DC: Oh gosh, I will never forget the first time I met Essex Hemphill forever and ever. I won’t forget because it was one of his first performances. I can’t remember where, but after, there was an after party at Dirg Aaab-Richards house where Essex was staying. And half-way through the evening, Essex and I got talking about one of his poems. And from that very first time that we spoke I don't think we stopped speaking until he went back to the States.


JO: So we start from there and now we're at the picture. How did the picture come about? What was it for?


DC: Okay, well. Rotimi Fani-Kayode was a good friend of mine, and he was an aspiring photographer looking for models. He was, at the time, exploring nude photography. At that time it was really difficult to find people who were willing enough to take their clothes off in front of a camera. So he found me! For me, I’ll never forget, I was absolutely terrified. I was really scared.


JO: Were you scared of the camera or the consequences after the camera?


DC: I think I was more scared with the consequences. I was more scared about that. Rotimi, like I say, was a good friend, I trusted him and all of that. It was more…


JO: How it would live on?


DC: Yeah. See back then, it's a very different world to today. Today, you can just pick up the phone and if you want to see a naked photograph, [clicks fingers] seconds! Whereas back then, it wasn't as easy to achieve before the internet. So yeah, so anyway, Rotimi was looking for models to do this and I said ‘Yeah, Ok’ and I think I brought Essex along and that's how that happened.
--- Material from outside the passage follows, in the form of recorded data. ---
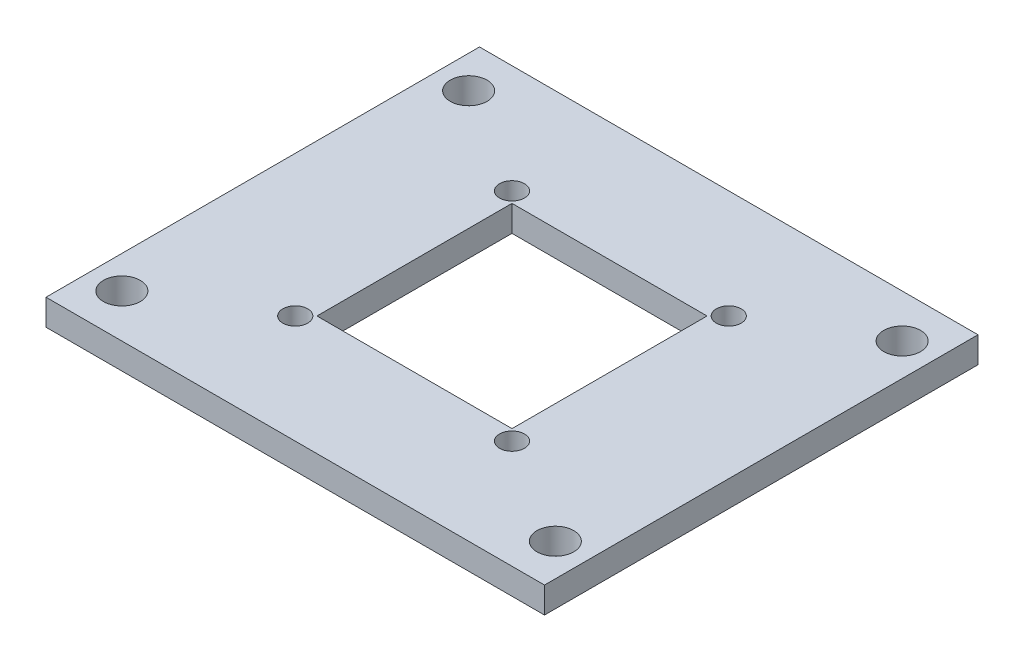
ISO-10303-21;
HEADER;
FILE_DESCRIPTION(('STEP AP214'),'2;1');
FILE_NAME('part.step','',(''),(''),'','','');
FILE_SCHEMA(('AUTOMOTIVE_DESIGN { 1 0 10303 214 1 1 1 1 }'));
ENDSEC;
DATA;
#1=APPLICATION_CONTEXT('core data for automotive mechanical design processes');
#2=APPLICATION_PROTOCOL_DEFINITION('international standard','automotive_design',2000,#1);
#3=PRODUCT_CONTEXT('',#1,'mechanical');
#4=PRODUCT('Part','Part','',(#3));
#5=PRODUCT_RELATED_PRODUCT_CATEGORY('part','',(#4));
#6=PRODUCT_DEFINITION_FORMATION('','',#4);
#7=PRODUCT_DEFINITION_CONTEXT('part definition',#1,'design');
#8=PRODUCT_DEFINITION('design','',#6,#7);
#9=PRODUCT_DEFINITION_SHAPE('','',#8);
#10=(LENGTH_UNIT() NAMED_UNIT(*) SI_UNIT(.MILLI.,.METRE.));
#11=(NAMED_UNIT(*) PLANE_ANGLE_UNIT() SI_UNIT($,.RADIAN.));
#12=(NAMED_UNIT(*) SI_UNIT($,.STERADIAN.) SOLID_ANGLE_UNIT());
#13=UNCERTAINTY_MEASURE_WITH_UNIT(LENGTH_MEASURE(1.E-05),#10,'distance_accuracy_value','');
#14=(GEOMETRIC_REPRESENTATION_CONTEXT(3) GLOBAL_UNCERTAINTY_ASSIGNED_CONTEXT((#13)) GLOBAL_UNIT_ASSIGNED_CONTEXT((#10,
#11,#12)) REPRESENTATION_CONTEXT('',''));
#15=CARTESIAN_POINT('',(0.,0.,0.));
#16=DIRECTION('',(0.,0.,1.));
#17=DIRECTION('',(1.,0.,0.));
#18=AXIS2_PLACEMENT_3D('',#15,#16,#17);
#19=CARTESIAN_POINT('',(20.,-20.,-17.));
#20=DIRECTION('',(0.,1.,0.));
#21=DIRECTION('',(1.,0.,0.));
#22=AXIS2_PLACEMENT_3D('',#19,#20,#21);
#23=CYLINDRICAL_SURFACE('',#22,1.7);
#24=CARTESIAN_POINT('',(20.,-22.,-17.));
#25=DIRECTION('',(0.,1.,0.));
#26=DIRECTION('',(1.,0.,0.));
#27=AXIS2_PLACEMENT_3D('',#24,#25,#26);
#28=CIRCLE('',#27,1.7);
#29=CARTESIAN_POINT('',(21.7,-22.,-17.));
#30=VERTEX_POINT('',#29);
#31=EDGE_CURVE('E304',#30,#30,#28,.T.);
#32=ORIENTED_EDGE('',*,*,#31,.T.);
#33=DIRECTION('',(0.,-1.,0.));
#34=VECTOR('',#33,1.);
#35=CARTESIAN_POINT('',(21.7,-20.,-17.));
#36=LINE('',#35,#34);
#37=CARTESIAN_POINT('',(21.7,-24.4,-17.));
#38=VERTEX_POINT('',#37);
#39=EDGE_CURVE('E9',#30,#38,#36,.T.);
#40=ORIENTED_EDGE('',*,*,#39,.T.);
#41=CARTESIAN_POINT('',(20.,-24.4,-17.));
#42=DIRECTION('',(0.,1.,0.));
#43=DIRECTION('',(1.,0.,0.));
#44=AXIS2_PLACEMENT_3D('',#41,#42,#43);
#45=CIRCLE('',#44,1.7);
#46=EDGE_CURVE('E237',#38,#38,#45,.T.);
#47=ORIENTED_EDGE('',*,*,#46,.F.);
#48=ORIENTED_EDGE('',*,*,#39,.F.);
#49=EDGE_LOOP('',(#32,#40,#47,#48));
#50=FACE_BOUND('',#49,.T.);
#51=ADVANCED_FACE('F15',(#50),#23,.F.);
#52=CARTESIAN_POINT('',(10.,-20.,-23.));
#53=DIRECTION('',(0.,1.,0.));
#54=DIRECTION('',(1.,0.,0.));
#55=AXIS2_PLACEMENT_3D('',#52,#53,#54);
#56=CYLINDRICAL_SURFACE('',#55,1.15);
#57=CARTESIAN_POINT('',(10.,-22.,-23.));
#58=DIRECTION('',(0.,1.,0.));
#59=DIRECTION('',(1.,0.,0.));
#60=AXIS2_PLACEMENT_3D('',#57,#58,#59);
#61=CIRCLE('',#60,1.15);
#62=CARTESIAN_POINT('',(11.15,-22.,-23.));
#63=VERTEX_POINT('',#62);
#64=EDGE_CURVE('E301',#63,#63,#61,.T.);
#65=ORIENTED_EDGE('',*,*,#64,.T.);
#66=DIRECTION('',(0.,-1.,0.));
#67=VECTOR('',#66,1.);
#68=CARTESIAN_POINT('',(11.15,-20.,-23.));
#69=LINE('',#68,#67);
#70=CARTESIAN_POINT('',(11.15,-24.4,-23.));
#71=VERTEX_POINT('',#70);
#72=EDGE_CURVE('E23',#63,#71,#69,.T.);
#73=ORIENTED_EDGE('',*,*,#72,.T.);
#74=CARTESIAN_POINT('',(10.,-24.4,-23.));
#75=DIRECTION('',(0.,1.,0.));
#76=DIRECTION('',(1.,0.,0.));
#77=AXIS2_PLACEMENT_3D('',#74,#75,#76);
#78=CIRCLE('',#77,1.15);
#79=EDGE_CURVE('E228',#71,#71,#78,.T.);
#80=ORIENTED_EDGE('',*,*,#79,.F.);
#81=ORIENTED_EDGE('',*,*,#72,.F.);
#82=EDGE_LOOP('',(#65,#73,#80,#81));
#83=FACE_BOUND('',#82,.T.);
#84=ADVANCED_FACE('F404',(#83),#56,.F.);
#85=CARTESIAN_POINT('',(20.,-20.,-49.));
#86=DIRECTION('',(0.,1.,0.));
#87=DIRECTION('',(1.,0.,0.));
#88=AXIS2_PLACEMENT_3D('',#85,#86,#87);
#89=CYLINDRICAL_SURFACE('',#88,1.7);
#90=CARTESIAN_POINT('',(20.,-22.,-49.));
#91=DIRECTION('',(0.,1.,0.));
#92=DIRECTION('',(1.,0.,0.));
#93=AXIS2_PLACEMENT_3D('',#90,#91,#92);
#94=CIRCLE('',#93,1.7);
#95=CARTESIAN_POINT('',(21.7,-22.,-49.));
#96=VERTEX_POINT('',#95);
#97=EDGE_CURVE('E297',#96,#96,#94,.T.);
#98=ORIENTED_EDGE('',*,*,#97,.T.);
#99=DIRECTION('',(0.,-1.,0.));
#100=VECTOR('',#99,1.);
#101=CARTESIAN_POINT('',(21.7,-20.,-49.));
#102=LINE('',#101,#100);
#103=CARTESIAN_POINT('',(21.7,-24.4,-49.));
#104=VERTEX_POINT('',#103);
#105=EDGE_CURVE('E209',#96,#104,#102,.T.);
#106=ORIENTED_EDGE('',*,*,#105,.T.);
#107=CARTESIAN_POINT('',(20.,-24.4,-49.));
#108=DIRECTION('',(0.,1.,0.));
#109=DIRECTION('',(1.,0.,0.));
#110=AXIS2_PLACEMENT_3D('',#107,#108,#109);
#111=CIRCLE('',#110,1.7);
#112=EDGE_CURVE('E224',#104,#104,#111,.T.);
#113=ORIENTED_EDGE('',*,*,#112,.F.);
#114=ORIENTED_EDGE('',*,*,#105,.F.);
#115=EDGE_LOOP('',(#98,#106,#113,#114));
#116=FACE_BOUND('',#115,.T.);
#117=ADVANCED_FACE('F408',(#116),#89,.F.);
#118=CARTESIAN_POINT('',(10.,-20.,-43.));
#119=DIRECTION('',(0.,1.,0.));
#120=DIRECTION('',(1.,0.,0.));
#121=AXIS2_PLACEMENT_3D('',#118,#119,#120);
#122=CYLINDRICAL_SURFACE('',#121,1.15);
#123=CARTESIAN_POINT('',(10.,-22.,-43.));
#124=DIRECTION('',(0.,1.,0.));
#125=DIRECTION('',(1.,0.,0.));
#126=AXIS2_PLACEMENT_3D('',#123,#124,#125);
#127=CIRCLE('',#126,1.15);
#128=CARTESIAN_POINT('',(11.15,-22.,-43.));
#129=VERTEX_POINT('',#128);
#130=EDGE_CURVE('E293',#129,#129,#127,.T.);
#131=ORIENTED_EDGE('',*,*,#130,.T.);
#132=DIRECTION('',(0.,-1.,0.));
#133=VECTOR('',#132,1.);
#134=CARTESIAN_POINT('',(11.15,-20.,-43.));
#135=LINE('',#134,#133);
#136=CARTESIAN_POINT('',(11.15,-24.4,-43.));
#137=VERTEX_POINT('',#136);
#138=EDGE_CURVE('E235',#129,#137,#135,.T.);
#139=ORIENTED_EDGE('',*,*,#138,.T.);
#140=CARTESIAN_POINT('',(10.,-24.4,-43.));
#141=DIRECTION('',(0.,1.,0.));
#142=DIRECTION('',(1.,0.,0.));
#143=AXIS2_PLACEMENT_3D('',#140,#141,#142);
#144=CIRCLE('',#143,1.15);
#145=EDGE_CURVE('E214',#137,#137,#144,.T.);
#146=ORIENTED_EDGE('',*,*,#145,.F.);
#147=ORIENTED_EDGE('',*,*,#138,.F.);
#148=EDGE_LOOP('',(#131,#139,#146,#147));
#149=FACE_BOUND('',#148,.T.);
#150=ADVANCED_FACE('F326',(#149),#122,.F.);
#151=CARTESIAN_POINT('',(-10.,-20.,-23.));
#152=DIRECTION('',(0.,1.,0.));
#153=DIRECTION('',(1.,0.,0.));
#154=AXIS2_PLACEMENT_3D('',#151,#152,#153);
#155=CYLINDRICAL_SURFACE('',#154,1.15);
#156=CARTESIAN_POINT('',(-10.,-22.,-23.));
#157=DIRECTION('',(0.,1.,0.));
#158=DIRECTION('',(1.,0.,0.));
#159=AXIS2_PLACEMENT_3D('',#156,#157,#158);
#160=CIRCLE('',#159,1.15);
#161=CARTESIAN_POINT('',(-8.85,-22.,-23.));
#162=VERTEX_POINT('',#161);
#163=EDGE_CURVE('E289',#162,#162,#160,.T.);
#164=ORIENTED_EDGE('',*,*,#163,.T.);
#165=DIRECTION('',(0.,-1.,0.));
#166=VECTOR('',#165,1.);
#167=CARTESIAN_POINT('',(-8.85,-20.,-23.));
#168=LINE('',#167,#166);
#169=CARTESIAN_POINT('',(-8.85,-24.4,-23.));
#170=VERTEX_POINT('',#169);
#171=EDGE_CURVE('E232',#162,#170,#168,.T.);
#172=ORIENTED_EDGE('',*,*,#171,.T.);
#173=CARTESIAN_POINT('',(-10.,-24.4,-23.));
#174=DIRECTION('',(0.,1.,0.));
#175=DIRECTION('',(1.,0.,0.));
#176=AXIS2_PLACEMENT_3D('',#173,#174,#175);
#177=CIRCLE('',#176,1.15);
#178=EDGE_CURVE('E210',#170,#170,#177,.T.);
#179=ORIENTED_EDGE('',*,*,#178,.F.);
#180=ORIENTED_EDGE('',*,*,#171,.F.);
#181=EDGE_LOOP('',(#164,#172,#179,#180));
#182=FACE_BOUND('',#181,.T.);
#183=ADVANCED_FACE('F424',(#182),#155,.F.);
#184=CARTESIAN_POINT('',(-20.,-20.,-17.));
#185=DIRECTION('',(0.,1.,0.));
#186=DIRECTION('',(1.,0.,0.));
#187=AXIS2_PLACEMENT_3D('',#184,#185,#186);
#188=CYLINDRICAL_SURFACE('',#187,1.7);
#189=CARTESIAN_POINT('',(-20.,-22.,-17.));
#190=DIRECTION('',(0.,1.,0.));
#191=DIRECTION('',(1.,0.,0.));
#192=AXIS2_PLACEMENT_3D('',#189,#190,#191);
#193=CIRCLE('',#192,1.7);
#194=CARTESIAN_POINT('',(-18.3,-22.,-17.));
#195=VERTEX_POINT('',#194);
#196=EDGE_CURVE('E285',#195,#195,#193,.T.);
#197=ORIENTED_EDGE('',*,*,#196,.T.);
#198=DIRECTION('',(0.,-1.,0.));
#199=VECTOR('',#198,1.);
#200=CARTESIAN_POINT('',(-18.3,-20.,-17.));
#201=LINE('',#200,#199);
#202=CARTESIAN_POINT('',(-18.3,-24.4,-17.));
#203=VERTEX_POINT('',#202);
#204=EDGE_CURVE('E236',#195,#203,#201,.T.);
#205=ORIENTED_EDGE('',*,*,#204,.T.);
#206=CARTESIAN_POINT('',(-20.,-24.4,-17.));
#207=DIRECTION('',(0.,1.,0.));
#208=DIRECTION('',(1.,0.,0.));
#209=AXIS2_PLACEMENT_3D('',#206,#207,#208);
#210=CIRCLE('',#209,1.7);
#211=EDGE_CURVE('E215',#203,#203,#210,.T.);
#212=ORIENTED_EDGE('',*,*,#211,.F.);
#213=ORIENTED_EDGE('',*,*,#204,.F.);
#214=EDGE_LOOP('',(#197,#205,#212,#213));
#215=FACE_BOUND('',#214,.T.);
#216=ADVANCED_FACE('F422',(#215),#188,.F.);
#217=CARTESIAN_POINT('',(-9.,-25.2,-42.));
#218=DIRECTION('',(0.,0.,1.));
#219=DIRECTION('',(1.,0.,0.));
#220=AXIS2_PLACEMENT_3D('',#217,#218,#219);
#221=PLANE('',#220);
#222=DIRECTION('',(0.,1.,0.));
#223=VECTOR('',#222,1.);
#224=CARTESIAN_POINT('',(-9.,-25.2,-42.));
#225=LINE('',#224,#223);
#226=CARTESIAN_POINT('',(-9.,-24.4,-42.));
#227=VERTEX_POINT('',#226);
#228=CARTESIAN_POINT('',(-9.,-22.,-42.));
#229=VERTEX_POINT('',#228);
#230=EDGE_CURVE('E163',#227,#229,#225,.T.);
#231=ORIENTED_EDGE('',*,*,#230,.F.);
#232=DIRECTION('',(1.,0.,0.));
#233=VECTOR('',#232,1.);
#234=CARTESIAN_POINT('',(-16.,-24.4,-42.));
#235=LINE('',#234,#233);
#236=CARTESIAN_POINT('',(9.,-24.4,-42.));
#237=VERTEX_POINT('',#236);
#238=EDGE_CURVE('E167',#227,#237,#235,.T.);
#239=ORIENTED_EDGE('',*,*,#238,.T.);
#240=DIRECTION('',(0.,1.,0.));
#241=VECTOR('',#240,1.);
#242=CARTESIAN_POINT('',(9.,-25.2,-42.));
#243=LINE('',#242,#241);
#244=CARTESIAN_POINT('',(9.,-22.,-42.));
#245=VERTEX_POINT('',#244);
#246=EDGE_CURVE('E175',#237,#245,#243,.T.);
#247=ORIENTED_EDGE('',*,*,#246,.T.);
#248=DIRECTION('',(1.,0.,0.));
#249=VECTOR('',#248,1.);
#250=CARTESIAN_POINT('',(-16.,-22.,-42.));
#251=LINE('',#250,#249);
#252=EDGE_CURVE('E170',#229,#245,#251,.T.);
#253=ORIENTED_EDGE('',*,*,#252,.F.);
#254=EDGE_LOOP('',(#231,#239,#247,#253));
#255=FACE_BOUND('',#254,.T.);
#256=ADVANCED_FACE('F165',(#255),#221,.T.);
#257=CARTESIAN_POINT('',(9.,-25.2,-42.));
#258=DIRECTION('',(1.,0.,0.));
#259=DIRECTION('',(0.,1.,0.));
#260=AXIS2_PLACEMENT_3D('',#257,#258,#259);
#261=PLANE('',#260);
#262=DIRECTION('',(0.,0.,-1.));
#263=VECTOR('',#262,1.);
#264=CARTESIAN_POINT('',(9.,-22.,-47.5));
#265=LINE('',#264,#263);
#266=CARTESIAN_POINT('',(9.,-22.,-24.));
#267=VERTEX_POINT('',#266);
#268=EDGE_CURVE('E281',#267,#245,#265,.T.);
#269=ORIENTED_EDGE('',*,*,#268,.T.);
#270=ORIENTED_EDGE('',*,*,#246,.F.);
#271=DIRECTION('',(0.,0.,-1.));
#272=VECTOR('',#271,1.);
#273=CARTESIAN_POINT('',(9.,-24.4,-47.5));
#274=LINE('',#273,#272);
#275=CARTESIAN_POINT('',(9.,-24.4,-24.));
#276=VERTEX_POINT('',#275);
#277=EDGE_CURVE('E190',#276,#237,#274,.T.);
#278=ORIENTED_EDGE('',*,*,#277,.F.);
#279=DIRECTION('',(0.,1.,0.));
#280=VECTOR('',#279,1.);
#281=CARTESIAN_POINT('',(9.,-25.2,-24.));
#282=LINE('',#281,#280);
#283=EDGE_CURVE('E316',#276,#267,#282,.T.);
#284=ORIENTED_EDGE('',*,*,#283,.T.);
#285=EDGE_LOOP('',(#269,#270,#278,#284));
#286=FACE_BOUND('',#285,.T.);
#287=ADVANCED_FACE('F368',(#286),#261,.F.);
#288=CARTESIAN_POINT('',(-9.,-25.2,-42.));
#289=DIRECTION('',(1.,0.,0.));
#290=DIRECTION('',(0.,1.,0.));
#291=AXIS2_PLACEMENT_3D('',#288,#289,#290);
#292=PLANE('',#291);
#293=DIRECTION('',(0.,1.,0.));
#294=VECTOR('',#293,1.);
#295=CARTESIAN_POINT('',(-9.,-25.2,-24.));
#296=LINE('',#295,#294);
#297=CARTESIAN_POINT('',(-9.,-24.4,-24.));
#298=VERTEX_POINT('',#297);
#299=CARTESIAN_POINT('',(-9.,-22.,-24.));
#300=VERTEX_POINT('',#299);
#301=EDGE_CURVE('E176',#298,#300,#296,.T.);
#302=ORIENTED_EDGE('',*,*,#301,.F.);
#303=DIRECTION('',(0.,0.,-1.));
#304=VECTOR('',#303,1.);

When that picture was taken, this was probably a week after we met.


JO: Oh, wow! Because I was going to move on to that. I was gonna say that, like there's a lot that is conveyed from this picture and I wanted to know how much time had elapsed?


DC: It was about a week or so.


JO: Time flies when you’re having fun!


DC: And so we were in the throes of romance and it was very intense. 


JO: That definitely comes across.


DC:I think that picture captures that intensity and the strength of feeling on both sides.


JO: There’s something I think, for you, it’s a week, for the rest of us who get to see it now, I remember being at the George Michael commemoration thing in Hampstead Heath maybe a couple of weeks ago, and Ted Brown was giving a talk and he said one of the most soul-stirring things I've heard in a long time and he said, ‘Don't ever feel like there weren't people who were there for you, don't ever feel removed from the people who came before you.’ And for me being queer in Ireland, no one came before you. You're there. You're the first. Not the first but like, you can't see anybody around it. And I see this picture and the first thing that hits me is like, he was right. There's a Nigerian photographer taking the picture. There’s a portrayal of intimacy that you had to go run and look for in like, miniscule places. And it makes you feel like you belong somewhere and you belong to something so like, thank you for that. There'll be a lot of thanking! There'll be a lot of thanking through that. Another big thing I can see through this is, like, intimacy comes across so strong. Was Essex your first foray into…?


DC: No, Essex will always have a very, very special place in my heart. And he’s a man I will never forget until the day I die. And if I'm being really honest, I think I have met anybody who comes even close to the human that Essex was, the incredible human that he was. I never, up until that point, met any man like him, and I don’t think I’ve ever met a man like him since. He really had a massive impact and I would say, in the most part, in a really positive way. I think the thing that I always treasure about Essex is that he really believed in me, he saw me, that’s what I felt like. I felt like he really understood me. I didn’t have to explain, we didn't have to explain. We just connected. It was a real, powerful experience.


JO: I mean, you say this picture is one week old but the overwhelming feeling of codependency of it; the idea that one person's eyes open and the other person is so willingly able to just trust them; like you're being led somewhere is outside race or anything in this human experience. That’s what you’re working towards. One of the three big things that hit me, outside all; at the end of my life, is that I just want the ability to look back on my life and know that someone really saw me, as you say. That I could truly be in another time zone and I know that more than anything in the world, that that man loves me. And I could doubt everything else, but more than anything in the world that man in a different timezone is just like, I’m the first thing on his mind.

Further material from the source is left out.